I tried again with desktop computers and they again seem to find Trendnet router but wont setup network so I can get to configuration page. In other words, no "blinkies" showing in the tray on desktops and its same version of Puppy. I obviously only have LAN cable connection on the desktops. Need to get out the old laptop and try it again. Its pcmcia WIFI card works fine as I've used it at library many times. Neither laptop has windows so cant say on it. Guess I've never actually used windows for WIFI connection since I dont have it on my laptop.

Quite a coincidence if 3 different computers have bad NIC card. I used to have some spare pci NIC cards for desktops, but couldnt find them. With dialup, a NIC just isnt something I ever use. And most desktop motherboards and laptops have NIC built in for long time now.
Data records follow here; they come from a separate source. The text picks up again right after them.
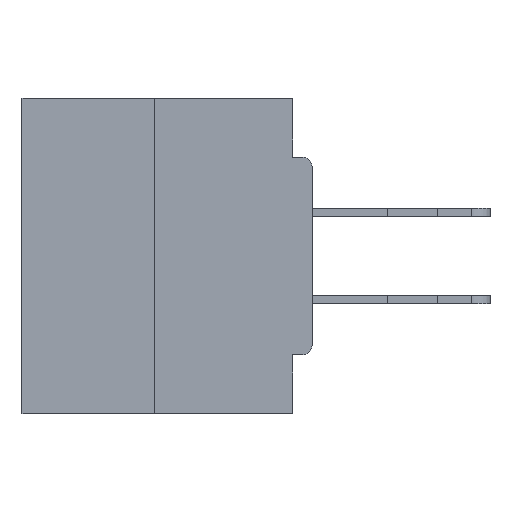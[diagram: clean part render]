
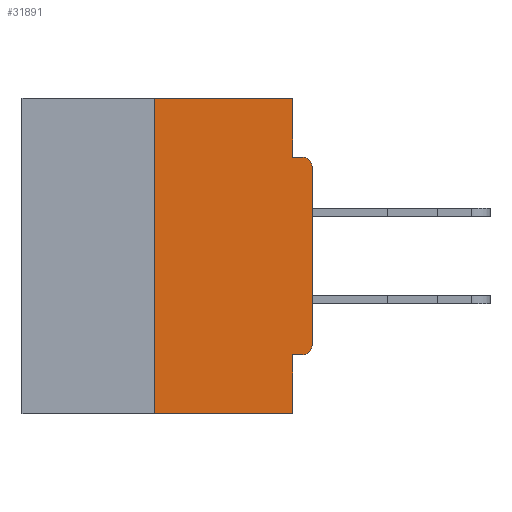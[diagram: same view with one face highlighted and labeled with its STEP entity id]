
A CAD part, left-side view. The second image highlights one B-rep face of the part: STEP entity #31891.
In plain terms, the highlighted planar face has unit normal (-1, 0, 0).
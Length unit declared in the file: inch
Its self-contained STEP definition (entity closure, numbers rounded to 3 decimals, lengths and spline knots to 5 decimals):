
#656 = VECTOR ( 'NONE', #26241, 39.37008 ) ;
#1423 = LINE ( 'NONE', #33168, #22044 ) ;
#1554 = LINE ( 'NONE', #7185, #12436 ) ;
#2111 = DIRECTION ( 'NONE',  ( 0., -1., 0. ) ) ;
#2810 = AXIS2_PLACEMENT_3D ( 'NONE', #19893, #9941, #4640 ) ;
#3236 = LINE ( 'NONE', #26474, #14532 ) ;
#3242 = LINE ( 'NONE', #18073, #5251 ) ;
#3293 = CARTESIAN_POINT ( 'NONE',  ( 0., 0.031, -0.5 ) ) ;
#3316 = VERTEX_POINT ( 'NONE', #21614 ) ;
#4640 = DIRECTION ( 'NONE',  ( 0., 0., -1. ) ) ;
#5251 = VECTOR ( 'NONE', #10039, 39.37008 ) ;
#5683 = DIRECTION ( 'NONE',  ( 0., 0., 1. ) ) ;
#5892 = EDGE_CURVE ( 'NONE', #15654, #11219, #3242, .T. ) ;
#6173 = CARTESIAN_POINT ( 'NONE',  ( 0., 0.25, 0. ) ) ;
#7185 = CARTESIAN_POINT ( 'NONE',  ( 0., 0., -0.0935 ) ) ;
#8465 = EDGE_CURVE ( 'NONE', #29503, #11219, #14389, .T. ) ;
#8467 = DIRECTION ( 'NONE',  ( 0., 0., -1. ) ) ;
#8889 = EDGE_CURVE ( 'NONE', #29503, #32654, #15675, .T. ) ;
#8996 = CARTESIAN_POINT ( 'NONE',  ( 0., 0., -0.3915 ) ) ;
#9228 = CIRCLE ( 'NONE', #19168, 0.015 ) ;
#9853 = VERTEX_POINT ( 'NONE', #30826 ) ;
#9941 = DIRECTION ( 'NONE',  ( 1., 0., 0. ) ) ;
#10039 = DIRECTION ( 'NONE',  ( 0., 0., -1. ) ) ;
#11219 = VERTEX_POINT ( 'NONE', #3293 ) ;
#11264 = CARTESIAN_POINT ( 'NONE',  ( 0., 0.031, -0.0935 ) ) ;
#12109 = EDGE_CURVE ( 'NONE', #3316, #15124, #24224, .T. ) ;
#12436 = VECTOR ( 'NONE', #2111, 39.37008 ) ;
#13278 = CIRCLE ( 'NONE', #20496, 0.015 ) ;
#14389 = LINE ( 'NONE', #32747, #32562 ) ;
#14532 = VECTOR ( 'NONE', #5683, 39.37008 ) ;
#14621 = ORIENTED_EDGE ( 'NONE', *, *, #8465, .T. ) ;
#15124 = VERTEX_POINT ( 'NONE', #11264 ) ;
#15641 = EDGE_LOOP ( 'NONE', ( #27074, #23747, #14621, #17597, #25172, #32429, #24213, #25082, #30671, #29741 ) ) ;
#15654 = VERTEX_POINT ( 'NONE', #32198 ) ;
#15675 = LINE ( 'NONE', #26127, #656 ) ;
#16738 = EDGE_CURVE ( 'NONE', #23444, #15654, #1423, .T. ) ;
#17597 = ORIENTED_EDGE ( 'NONE', *, *, #5892, .F. ) ;
#18073 = CARTESIAN_POINT ( 'NONE',  ( 0., 0.031, -0.5 ) ) ;
#18121 = DIRECTION ( 'NONE',  ( 0., -1., 0. ) ) ;
#19168 = AXIS2_PLACEMENT_3D ( 'NONE', #28536, #26398, #21331 ) ;
#19483 = VERTEX_POINT ( 'NONE', #32684 ) ;
#19893 = CARTESIAN_POINT ( 'NONE',  ( 0., 0.46, 0. ) ) ;
#20480 = CARTESIAN_POINT ( 'NONE',  ( 0., 0.25, -0.5 ) ) ;
#20496 = AXIS2_PLACEMENT_3D ( 'NONE', #21441, #31918, #29439 ) ;
#21331 = DIRECTION ( 'NONE',  ( 0., 0., -1. ) ) ;
#21441 = CARTESIAN_POINT ( 'NONE',  ( 0., 0.015, -0.3915 ) ) ;
#21614 = CARTESIAN_POINT ( 'NONE',  ( 0., 0.031, 0. ) ) ;
#22044 = VECTOR ( 'NONE', #22808, 39.37008 ) ;
#22808 = DIRECTION ( 'NONE',  ( 0., 1., 0. ) ) ;
#23324 = CARTESIAN_POINT ( 'NONE',  ( 0., 0.46, 0. ) ) ;
#23444 = VERTEX_POINT ( 'NONE', #26846 ) ;
#23747 = ORIENTED_EDGE ( 'NONE', *, *, #8889, .F. ) ;
#23973 = CARTESIAN_POINT ( 'NONE',  ( 0., 0.031, 0. ) ) ;
#24213 = ORIENTED_EDGE ( 'NONE', *, *, #25474, .T. ) ;
#24224 = LINE ( 'NONE', #23973, #29059 ) ;
#25023 = VERTEX_POINT ( 'NONE', #8996 ) ;
#25080 = EDGE_CURVE ( 'NONE', #32654, #3316, #26697, .T. ) ;
#25082 = ORIENTED_EDGE ( 'NONE', *, *, #26613, .T. ) ;
#25172 = ORIENTED_EDGE ( 'NONE', *, *, #16738, .F. ) ;
#25474 = EDGE_CURVE ( 'NONE', #25023, #9853, #3236, .T. ) ;
#26127 = CARTESIAN_POINT ( 'NONE',  ( 0., 0.25, 0. ) ) ;
#26241 = DIRECTION ( 'NONE',  ( 0., 0., 1. ) ) ;
#26327 = EDGE_CURVE ( 'NONE', #15124, #19483, #1554, .T. ) ;
#26398 = DIRECTION ( 'NONE',  ( -1., 0., 0. ) ) ;
#26474 = CARTESIAN_POINT ( 'NONE',  ( 0., 0., 0. ) ) ;
#26613 = EDGE_CURVE ( 'NONE', #9853, #19483, #9228, .T. ) ;
#26697 = LINE ( 'NONE', #23324, #30744 ) ;
#26846 = CARTESIAN_POINT ( 'NONE',  ( 0., 0.015, -0.4065 ) ) ;
#27074 = ORIENTED_EDGE ( 'NONE', *, *, #25080, .F. ) ;
#27356 = DIRECTION ( 'NONE',  ( 0., -1., 0. ) ) ;
#28012 = FACE_OUTER_BOUND ( 'NONE', #15641, .T. ) ;
#28132 = EDGE_CURVE ( 'NONE', #23444, #25023, #13278, .T. ) ;
#28536 = CARTESIAN_POINT ( 'NONE',  ( 0., 0.015, -0.1085 ) ) ;
#29059 = VECTOR ( 'NONE', #8467, 39.37008 ) ;
#29439 = DIRECTION ( 'NONE',  ( 0., 0., -1. ) ) ;
#29503 = VERTEX_POINT ( 'NONE', #20480 ) ;
#29741 = ORIENTED_EDGE ( 'NONE', *, *, #12109, .F. ) ;
#30671 = ORIENTED_EDGE ( 'NONE', *, *, #26327, .F. ) ;
#30744 = VECTOR ( 'NONE', #18121, 39.37008 ) ;
#30826 = CARTESIAN_POINT ( 'NONE',  ( 0., 0., -0.1085 ) ) ;
#31891 = ADVANCED_FACE ( 'NONE', ( #28012 ), #32864, .F. ) ;
#31918 = DIRECTION ( 'NONE',  ( -1., 0., 0. ) ) ;
#32198 = CARTESIAN_POINT ( 'NONE',  ( 0., 0.031, -0.4065 ) ) ;
#32429 = ORIENTED_EDGE ( 'NONE', *, *, #28132, .T. ) ;
#32562 = VECTOR ( 'NONE', #27356, 39.37008 ) ;
#32654 = VERTEX_POINT ( 'NONE', #6173 ) ;
#32684 = CARTESIAN_POINT ( 'NONE',  ( 0., 0.015, -0.0935 ) ) ;
#32747 = CARTESIAN_POINT ( 'NONE',  ( 0., 0.46, -0.5 ) ) ;
#32864 = PLANE ( 'NONE',  #2810 ) ;
#33168 = CARTESIAN_POINT ( 'NONE',  ( 0., 0., -0.4065 ) ) ;

Suppose it could be a dodgy LAN cable, and it just happened to work somehow with the newer laptop.... I've got couple others around here someplace, but just not something I use except occasional experiment.


----------



## HermitJohn (May 10, 2002)

Ok, guess "cobwebs" got blown out, it now works on all computers with NIC and the two laptops with WIFI card. Electronics usually dont start working all of a sudden like this, but I am not arguing.

I get some more ambition, will try the ICS along with the router as described in link above. Its still probably silly way to do this since you need extra computer just doing dialup connection plus providing the wifi hotspot to that connection. but doesnt have to be much of a computer... 

The only non-silly application would be if you had some gadget that could only connect via WIFI and you only have dialup available. Well this would allow that gadget to go online.


----------